● What to produce: Given the listing that follows, report all lines in which the string "name" occurs.

● Dataset extract:
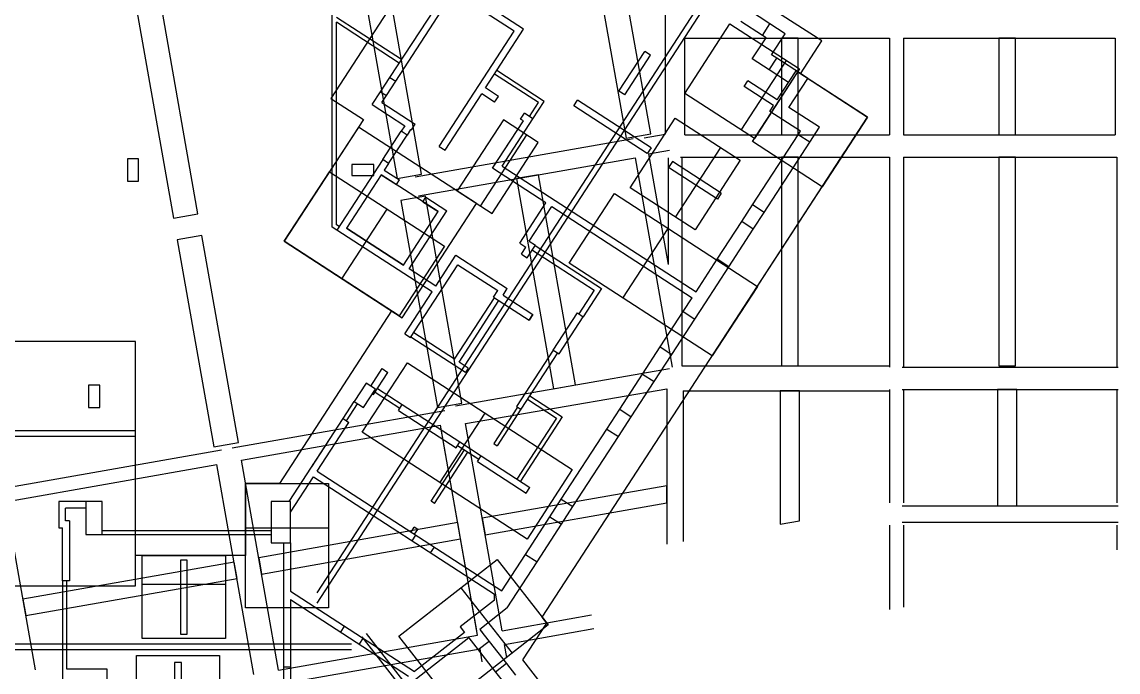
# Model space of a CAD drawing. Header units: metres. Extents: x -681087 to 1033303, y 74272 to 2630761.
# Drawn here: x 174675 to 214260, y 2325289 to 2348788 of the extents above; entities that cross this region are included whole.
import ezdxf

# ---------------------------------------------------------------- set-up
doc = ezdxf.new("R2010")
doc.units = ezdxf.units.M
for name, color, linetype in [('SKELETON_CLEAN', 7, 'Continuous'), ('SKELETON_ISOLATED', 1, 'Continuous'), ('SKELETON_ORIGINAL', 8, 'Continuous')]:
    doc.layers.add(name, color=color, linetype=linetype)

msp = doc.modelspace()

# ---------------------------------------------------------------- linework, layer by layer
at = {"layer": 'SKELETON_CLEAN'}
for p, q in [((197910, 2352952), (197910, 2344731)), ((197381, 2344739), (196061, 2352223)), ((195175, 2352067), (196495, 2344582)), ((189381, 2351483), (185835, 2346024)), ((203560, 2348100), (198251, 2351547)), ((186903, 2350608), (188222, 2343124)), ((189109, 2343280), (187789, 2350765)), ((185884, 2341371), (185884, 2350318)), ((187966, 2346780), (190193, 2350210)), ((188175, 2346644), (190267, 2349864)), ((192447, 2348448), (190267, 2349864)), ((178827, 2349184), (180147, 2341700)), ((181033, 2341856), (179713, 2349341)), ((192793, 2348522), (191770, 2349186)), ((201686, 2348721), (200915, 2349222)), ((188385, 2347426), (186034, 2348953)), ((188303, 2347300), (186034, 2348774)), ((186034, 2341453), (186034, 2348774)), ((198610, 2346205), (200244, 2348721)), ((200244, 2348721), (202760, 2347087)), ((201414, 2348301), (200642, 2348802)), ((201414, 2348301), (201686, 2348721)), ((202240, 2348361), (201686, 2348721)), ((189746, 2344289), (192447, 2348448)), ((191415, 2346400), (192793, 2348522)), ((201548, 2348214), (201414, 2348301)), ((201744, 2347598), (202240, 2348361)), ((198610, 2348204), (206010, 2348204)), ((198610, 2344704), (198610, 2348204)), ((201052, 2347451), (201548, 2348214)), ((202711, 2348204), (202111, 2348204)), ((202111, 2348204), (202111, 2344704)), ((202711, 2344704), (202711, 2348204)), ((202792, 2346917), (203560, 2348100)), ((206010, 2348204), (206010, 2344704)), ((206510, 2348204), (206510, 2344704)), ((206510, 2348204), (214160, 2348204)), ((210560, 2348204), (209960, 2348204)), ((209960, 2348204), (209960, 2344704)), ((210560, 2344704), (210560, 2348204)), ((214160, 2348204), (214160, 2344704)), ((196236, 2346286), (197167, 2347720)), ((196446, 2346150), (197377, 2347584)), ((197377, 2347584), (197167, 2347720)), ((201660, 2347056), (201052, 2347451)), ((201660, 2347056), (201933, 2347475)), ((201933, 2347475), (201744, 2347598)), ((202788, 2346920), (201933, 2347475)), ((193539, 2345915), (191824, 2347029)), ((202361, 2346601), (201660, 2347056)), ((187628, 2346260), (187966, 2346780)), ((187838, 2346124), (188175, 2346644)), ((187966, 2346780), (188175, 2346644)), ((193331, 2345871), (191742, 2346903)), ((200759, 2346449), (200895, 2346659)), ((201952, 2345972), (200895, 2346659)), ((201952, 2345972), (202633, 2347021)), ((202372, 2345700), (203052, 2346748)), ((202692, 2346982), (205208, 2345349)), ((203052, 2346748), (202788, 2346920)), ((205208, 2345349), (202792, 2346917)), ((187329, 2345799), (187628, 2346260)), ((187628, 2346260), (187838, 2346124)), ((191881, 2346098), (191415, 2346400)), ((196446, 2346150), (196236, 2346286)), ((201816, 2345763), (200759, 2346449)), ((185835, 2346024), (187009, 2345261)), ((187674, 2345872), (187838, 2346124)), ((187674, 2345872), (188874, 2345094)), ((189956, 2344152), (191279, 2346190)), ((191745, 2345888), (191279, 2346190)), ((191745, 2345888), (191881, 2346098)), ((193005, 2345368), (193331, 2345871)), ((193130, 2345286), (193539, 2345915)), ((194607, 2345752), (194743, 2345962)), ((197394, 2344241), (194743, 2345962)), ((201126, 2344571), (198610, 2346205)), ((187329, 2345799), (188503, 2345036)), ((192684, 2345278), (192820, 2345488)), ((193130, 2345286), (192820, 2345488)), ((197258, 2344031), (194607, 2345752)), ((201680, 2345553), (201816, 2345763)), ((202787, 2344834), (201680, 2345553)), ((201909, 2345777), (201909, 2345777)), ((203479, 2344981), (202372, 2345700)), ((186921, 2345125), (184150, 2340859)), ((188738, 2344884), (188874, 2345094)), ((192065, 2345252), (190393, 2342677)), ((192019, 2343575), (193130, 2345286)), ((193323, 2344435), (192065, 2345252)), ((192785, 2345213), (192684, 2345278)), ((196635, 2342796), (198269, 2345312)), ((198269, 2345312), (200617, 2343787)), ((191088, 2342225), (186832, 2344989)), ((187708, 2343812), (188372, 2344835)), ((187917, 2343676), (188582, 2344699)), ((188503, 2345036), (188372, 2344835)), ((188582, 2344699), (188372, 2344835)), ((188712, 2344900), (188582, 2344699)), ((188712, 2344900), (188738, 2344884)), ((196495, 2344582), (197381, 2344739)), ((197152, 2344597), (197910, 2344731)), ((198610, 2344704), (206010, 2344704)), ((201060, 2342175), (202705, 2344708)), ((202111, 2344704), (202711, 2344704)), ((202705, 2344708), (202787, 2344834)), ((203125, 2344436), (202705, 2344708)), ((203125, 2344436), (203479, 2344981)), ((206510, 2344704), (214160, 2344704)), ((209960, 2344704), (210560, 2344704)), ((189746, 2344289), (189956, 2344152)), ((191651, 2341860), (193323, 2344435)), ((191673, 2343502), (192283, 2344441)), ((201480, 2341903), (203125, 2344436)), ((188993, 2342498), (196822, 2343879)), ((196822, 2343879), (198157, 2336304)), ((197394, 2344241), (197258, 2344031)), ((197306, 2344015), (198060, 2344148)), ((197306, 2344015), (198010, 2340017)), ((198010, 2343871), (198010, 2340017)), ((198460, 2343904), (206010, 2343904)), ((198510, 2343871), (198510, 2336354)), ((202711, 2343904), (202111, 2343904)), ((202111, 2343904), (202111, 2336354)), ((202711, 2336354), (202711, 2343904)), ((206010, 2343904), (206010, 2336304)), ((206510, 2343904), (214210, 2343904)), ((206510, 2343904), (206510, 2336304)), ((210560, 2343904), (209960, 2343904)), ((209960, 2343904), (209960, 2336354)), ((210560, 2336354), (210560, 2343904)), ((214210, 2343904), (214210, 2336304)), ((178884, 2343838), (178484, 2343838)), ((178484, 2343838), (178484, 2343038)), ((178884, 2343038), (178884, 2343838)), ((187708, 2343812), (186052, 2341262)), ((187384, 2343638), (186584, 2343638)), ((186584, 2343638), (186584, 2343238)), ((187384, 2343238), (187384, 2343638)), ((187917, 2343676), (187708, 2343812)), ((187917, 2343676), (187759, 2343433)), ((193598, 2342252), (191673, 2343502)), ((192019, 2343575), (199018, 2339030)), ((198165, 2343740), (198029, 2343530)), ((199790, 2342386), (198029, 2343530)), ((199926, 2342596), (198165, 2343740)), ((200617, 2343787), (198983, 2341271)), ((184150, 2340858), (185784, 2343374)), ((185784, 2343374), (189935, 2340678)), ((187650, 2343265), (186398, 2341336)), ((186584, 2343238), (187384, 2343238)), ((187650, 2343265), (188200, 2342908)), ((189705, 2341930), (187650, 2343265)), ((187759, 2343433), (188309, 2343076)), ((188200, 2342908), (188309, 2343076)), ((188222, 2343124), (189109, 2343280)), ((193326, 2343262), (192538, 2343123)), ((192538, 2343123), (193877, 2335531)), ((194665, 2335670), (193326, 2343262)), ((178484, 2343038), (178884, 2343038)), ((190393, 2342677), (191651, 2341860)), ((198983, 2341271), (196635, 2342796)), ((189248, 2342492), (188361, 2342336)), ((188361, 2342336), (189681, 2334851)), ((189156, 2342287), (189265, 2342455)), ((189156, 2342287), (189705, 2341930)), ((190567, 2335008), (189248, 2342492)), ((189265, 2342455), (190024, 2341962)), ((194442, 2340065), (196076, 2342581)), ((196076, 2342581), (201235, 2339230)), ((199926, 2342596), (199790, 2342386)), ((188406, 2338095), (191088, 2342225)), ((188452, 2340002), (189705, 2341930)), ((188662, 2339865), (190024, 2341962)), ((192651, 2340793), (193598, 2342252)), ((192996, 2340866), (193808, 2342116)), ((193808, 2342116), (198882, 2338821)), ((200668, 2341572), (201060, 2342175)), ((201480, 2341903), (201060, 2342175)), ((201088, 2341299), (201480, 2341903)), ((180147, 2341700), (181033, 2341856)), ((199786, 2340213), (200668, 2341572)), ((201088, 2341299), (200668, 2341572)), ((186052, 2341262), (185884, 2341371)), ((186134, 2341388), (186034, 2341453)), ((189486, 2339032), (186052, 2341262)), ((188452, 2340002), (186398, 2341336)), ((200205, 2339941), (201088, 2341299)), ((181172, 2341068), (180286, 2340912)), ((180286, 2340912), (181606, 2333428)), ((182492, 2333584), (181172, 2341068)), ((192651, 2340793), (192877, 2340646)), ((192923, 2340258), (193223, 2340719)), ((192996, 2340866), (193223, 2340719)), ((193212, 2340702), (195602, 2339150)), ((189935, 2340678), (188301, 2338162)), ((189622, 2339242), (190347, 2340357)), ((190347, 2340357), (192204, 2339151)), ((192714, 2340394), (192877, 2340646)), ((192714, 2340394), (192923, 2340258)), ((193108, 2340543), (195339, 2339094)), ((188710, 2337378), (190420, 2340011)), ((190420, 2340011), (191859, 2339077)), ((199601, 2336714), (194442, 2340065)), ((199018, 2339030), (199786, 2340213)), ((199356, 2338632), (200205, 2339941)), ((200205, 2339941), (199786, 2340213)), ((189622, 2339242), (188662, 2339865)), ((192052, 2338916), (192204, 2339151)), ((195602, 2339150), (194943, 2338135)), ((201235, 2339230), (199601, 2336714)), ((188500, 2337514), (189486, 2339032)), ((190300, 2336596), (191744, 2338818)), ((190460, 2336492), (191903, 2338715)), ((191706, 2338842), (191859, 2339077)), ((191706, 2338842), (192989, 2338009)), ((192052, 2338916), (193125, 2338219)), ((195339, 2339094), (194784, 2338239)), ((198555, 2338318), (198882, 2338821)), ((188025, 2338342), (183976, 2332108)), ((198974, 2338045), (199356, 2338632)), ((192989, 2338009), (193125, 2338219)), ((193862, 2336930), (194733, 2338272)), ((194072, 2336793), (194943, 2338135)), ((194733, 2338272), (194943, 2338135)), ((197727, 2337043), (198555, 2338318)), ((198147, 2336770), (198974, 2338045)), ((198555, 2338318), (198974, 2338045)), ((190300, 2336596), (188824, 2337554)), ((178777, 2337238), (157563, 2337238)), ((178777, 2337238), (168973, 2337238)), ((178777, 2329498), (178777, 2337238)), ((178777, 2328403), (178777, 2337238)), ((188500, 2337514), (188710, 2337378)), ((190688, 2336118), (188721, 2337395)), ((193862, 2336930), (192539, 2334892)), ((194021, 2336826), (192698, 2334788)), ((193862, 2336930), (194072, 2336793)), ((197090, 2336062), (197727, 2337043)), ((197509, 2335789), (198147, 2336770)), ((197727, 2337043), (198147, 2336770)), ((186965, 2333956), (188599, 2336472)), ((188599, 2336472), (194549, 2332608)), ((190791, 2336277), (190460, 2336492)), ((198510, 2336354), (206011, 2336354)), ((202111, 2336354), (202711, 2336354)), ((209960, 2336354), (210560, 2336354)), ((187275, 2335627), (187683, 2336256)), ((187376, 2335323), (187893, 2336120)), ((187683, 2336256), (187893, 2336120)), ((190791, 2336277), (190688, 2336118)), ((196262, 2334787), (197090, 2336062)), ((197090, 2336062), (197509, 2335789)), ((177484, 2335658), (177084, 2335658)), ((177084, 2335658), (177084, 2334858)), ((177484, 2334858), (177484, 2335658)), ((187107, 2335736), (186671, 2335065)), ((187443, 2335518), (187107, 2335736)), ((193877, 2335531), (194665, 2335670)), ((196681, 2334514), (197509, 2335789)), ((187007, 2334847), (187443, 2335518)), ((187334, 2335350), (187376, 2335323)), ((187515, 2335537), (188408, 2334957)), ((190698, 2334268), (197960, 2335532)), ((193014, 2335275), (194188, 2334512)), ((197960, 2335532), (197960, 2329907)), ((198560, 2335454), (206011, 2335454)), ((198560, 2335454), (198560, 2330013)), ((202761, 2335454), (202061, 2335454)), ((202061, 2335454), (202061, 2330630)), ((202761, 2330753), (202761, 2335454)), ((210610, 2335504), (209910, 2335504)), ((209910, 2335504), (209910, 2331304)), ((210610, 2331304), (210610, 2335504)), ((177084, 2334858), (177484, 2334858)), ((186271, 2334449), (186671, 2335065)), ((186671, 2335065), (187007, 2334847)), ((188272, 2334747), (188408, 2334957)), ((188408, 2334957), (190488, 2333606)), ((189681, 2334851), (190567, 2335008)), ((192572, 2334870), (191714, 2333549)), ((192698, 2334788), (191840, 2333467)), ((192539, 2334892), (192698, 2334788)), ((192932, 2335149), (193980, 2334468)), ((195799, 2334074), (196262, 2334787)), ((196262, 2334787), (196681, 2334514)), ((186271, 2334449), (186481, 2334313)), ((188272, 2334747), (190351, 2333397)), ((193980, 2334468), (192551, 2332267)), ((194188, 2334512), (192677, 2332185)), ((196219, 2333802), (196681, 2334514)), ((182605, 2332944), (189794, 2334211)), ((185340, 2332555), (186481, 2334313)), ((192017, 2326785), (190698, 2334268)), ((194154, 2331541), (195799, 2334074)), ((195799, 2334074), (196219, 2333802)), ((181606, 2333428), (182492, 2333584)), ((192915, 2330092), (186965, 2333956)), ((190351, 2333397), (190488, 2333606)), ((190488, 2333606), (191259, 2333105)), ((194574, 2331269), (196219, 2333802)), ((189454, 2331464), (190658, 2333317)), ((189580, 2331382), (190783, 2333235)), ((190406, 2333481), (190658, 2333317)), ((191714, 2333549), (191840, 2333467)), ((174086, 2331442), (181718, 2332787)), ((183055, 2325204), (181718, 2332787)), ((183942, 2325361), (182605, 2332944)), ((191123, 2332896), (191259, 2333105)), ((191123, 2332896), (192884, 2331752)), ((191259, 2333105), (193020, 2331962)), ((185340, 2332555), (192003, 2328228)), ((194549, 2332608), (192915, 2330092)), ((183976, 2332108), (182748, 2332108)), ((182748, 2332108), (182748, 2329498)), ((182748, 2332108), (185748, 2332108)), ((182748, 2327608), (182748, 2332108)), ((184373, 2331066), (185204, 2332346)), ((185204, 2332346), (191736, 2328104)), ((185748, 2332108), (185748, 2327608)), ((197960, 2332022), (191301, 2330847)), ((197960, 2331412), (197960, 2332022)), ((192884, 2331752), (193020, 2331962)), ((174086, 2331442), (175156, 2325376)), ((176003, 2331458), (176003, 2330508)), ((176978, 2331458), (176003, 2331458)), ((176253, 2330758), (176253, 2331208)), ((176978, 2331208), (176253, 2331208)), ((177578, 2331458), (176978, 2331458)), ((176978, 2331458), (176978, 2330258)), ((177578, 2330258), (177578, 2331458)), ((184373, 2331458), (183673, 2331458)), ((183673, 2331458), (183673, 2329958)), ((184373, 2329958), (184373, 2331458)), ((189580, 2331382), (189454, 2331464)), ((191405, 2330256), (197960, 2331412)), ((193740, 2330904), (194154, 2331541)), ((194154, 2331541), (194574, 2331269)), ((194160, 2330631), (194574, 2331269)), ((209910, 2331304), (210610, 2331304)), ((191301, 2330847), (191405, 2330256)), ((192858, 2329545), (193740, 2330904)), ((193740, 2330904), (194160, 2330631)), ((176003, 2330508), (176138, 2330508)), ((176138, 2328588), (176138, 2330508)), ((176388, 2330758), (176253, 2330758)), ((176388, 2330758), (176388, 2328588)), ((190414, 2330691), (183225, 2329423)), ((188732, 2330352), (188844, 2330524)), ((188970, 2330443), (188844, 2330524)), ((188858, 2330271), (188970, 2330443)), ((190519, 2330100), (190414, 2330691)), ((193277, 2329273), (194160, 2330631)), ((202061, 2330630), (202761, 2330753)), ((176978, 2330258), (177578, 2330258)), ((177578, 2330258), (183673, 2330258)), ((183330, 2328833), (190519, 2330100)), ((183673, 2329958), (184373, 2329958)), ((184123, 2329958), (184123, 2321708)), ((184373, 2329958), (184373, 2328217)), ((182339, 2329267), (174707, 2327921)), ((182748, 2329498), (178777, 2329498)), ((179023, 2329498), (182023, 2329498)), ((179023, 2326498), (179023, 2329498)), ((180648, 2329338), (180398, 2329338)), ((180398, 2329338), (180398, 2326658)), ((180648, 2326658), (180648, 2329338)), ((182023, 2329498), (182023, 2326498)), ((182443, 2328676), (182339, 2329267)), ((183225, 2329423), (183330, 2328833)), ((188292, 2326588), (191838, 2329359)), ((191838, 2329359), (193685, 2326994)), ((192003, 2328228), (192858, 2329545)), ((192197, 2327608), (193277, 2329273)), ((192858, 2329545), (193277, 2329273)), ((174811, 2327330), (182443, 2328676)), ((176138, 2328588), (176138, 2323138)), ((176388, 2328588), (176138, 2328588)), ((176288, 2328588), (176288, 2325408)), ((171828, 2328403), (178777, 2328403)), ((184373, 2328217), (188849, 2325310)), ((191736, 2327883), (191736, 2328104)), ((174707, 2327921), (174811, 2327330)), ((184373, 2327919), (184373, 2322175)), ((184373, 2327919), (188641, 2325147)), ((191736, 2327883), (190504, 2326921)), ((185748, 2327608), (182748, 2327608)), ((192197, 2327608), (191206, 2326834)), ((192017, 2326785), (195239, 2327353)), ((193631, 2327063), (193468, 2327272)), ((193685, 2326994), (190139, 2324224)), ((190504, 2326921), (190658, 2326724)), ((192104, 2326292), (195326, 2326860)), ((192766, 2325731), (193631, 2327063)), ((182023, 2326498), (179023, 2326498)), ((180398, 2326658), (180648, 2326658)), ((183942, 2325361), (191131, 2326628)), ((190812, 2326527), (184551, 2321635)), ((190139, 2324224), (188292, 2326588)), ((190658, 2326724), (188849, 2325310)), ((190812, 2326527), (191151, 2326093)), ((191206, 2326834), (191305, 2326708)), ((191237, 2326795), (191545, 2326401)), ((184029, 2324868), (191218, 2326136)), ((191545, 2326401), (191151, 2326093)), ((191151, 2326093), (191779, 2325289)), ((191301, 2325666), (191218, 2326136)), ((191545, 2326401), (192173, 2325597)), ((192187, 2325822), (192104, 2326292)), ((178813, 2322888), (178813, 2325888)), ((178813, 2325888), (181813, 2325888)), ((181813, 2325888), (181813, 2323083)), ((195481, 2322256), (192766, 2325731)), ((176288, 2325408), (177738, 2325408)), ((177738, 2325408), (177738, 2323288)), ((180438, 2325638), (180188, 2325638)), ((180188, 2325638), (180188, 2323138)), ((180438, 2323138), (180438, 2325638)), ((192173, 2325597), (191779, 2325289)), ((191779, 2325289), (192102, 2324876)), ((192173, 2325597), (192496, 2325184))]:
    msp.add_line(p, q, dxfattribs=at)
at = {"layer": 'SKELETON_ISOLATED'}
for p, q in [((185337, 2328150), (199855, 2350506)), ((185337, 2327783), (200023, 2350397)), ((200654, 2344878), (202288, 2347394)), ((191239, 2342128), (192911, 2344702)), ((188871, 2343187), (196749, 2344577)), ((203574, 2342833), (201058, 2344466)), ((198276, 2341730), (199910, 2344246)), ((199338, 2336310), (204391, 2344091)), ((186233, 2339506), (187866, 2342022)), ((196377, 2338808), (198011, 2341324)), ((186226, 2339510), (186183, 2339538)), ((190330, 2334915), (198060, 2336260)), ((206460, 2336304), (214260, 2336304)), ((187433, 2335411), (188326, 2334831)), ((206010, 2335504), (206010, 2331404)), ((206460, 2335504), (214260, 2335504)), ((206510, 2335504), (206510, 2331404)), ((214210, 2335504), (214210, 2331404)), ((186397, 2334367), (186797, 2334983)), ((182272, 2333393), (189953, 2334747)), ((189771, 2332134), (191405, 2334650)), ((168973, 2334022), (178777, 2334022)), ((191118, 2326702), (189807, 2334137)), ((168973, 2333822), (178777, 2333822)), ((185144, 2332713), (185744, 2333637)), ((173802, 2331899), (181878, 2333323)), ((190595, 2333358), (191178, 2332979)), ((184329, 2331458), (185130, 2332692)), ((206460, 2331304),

● Task answer:
for name, color, linetype in [('SKELETON_CLEAN', 7, 'Continuous'), ('SKELETON_ISOLATED', 1, 'Continuous'), ('SKELETON_ORIGINAL', 8, 'Continuous')]:
    doc.layers.add(name, color=color, linetype=linetype)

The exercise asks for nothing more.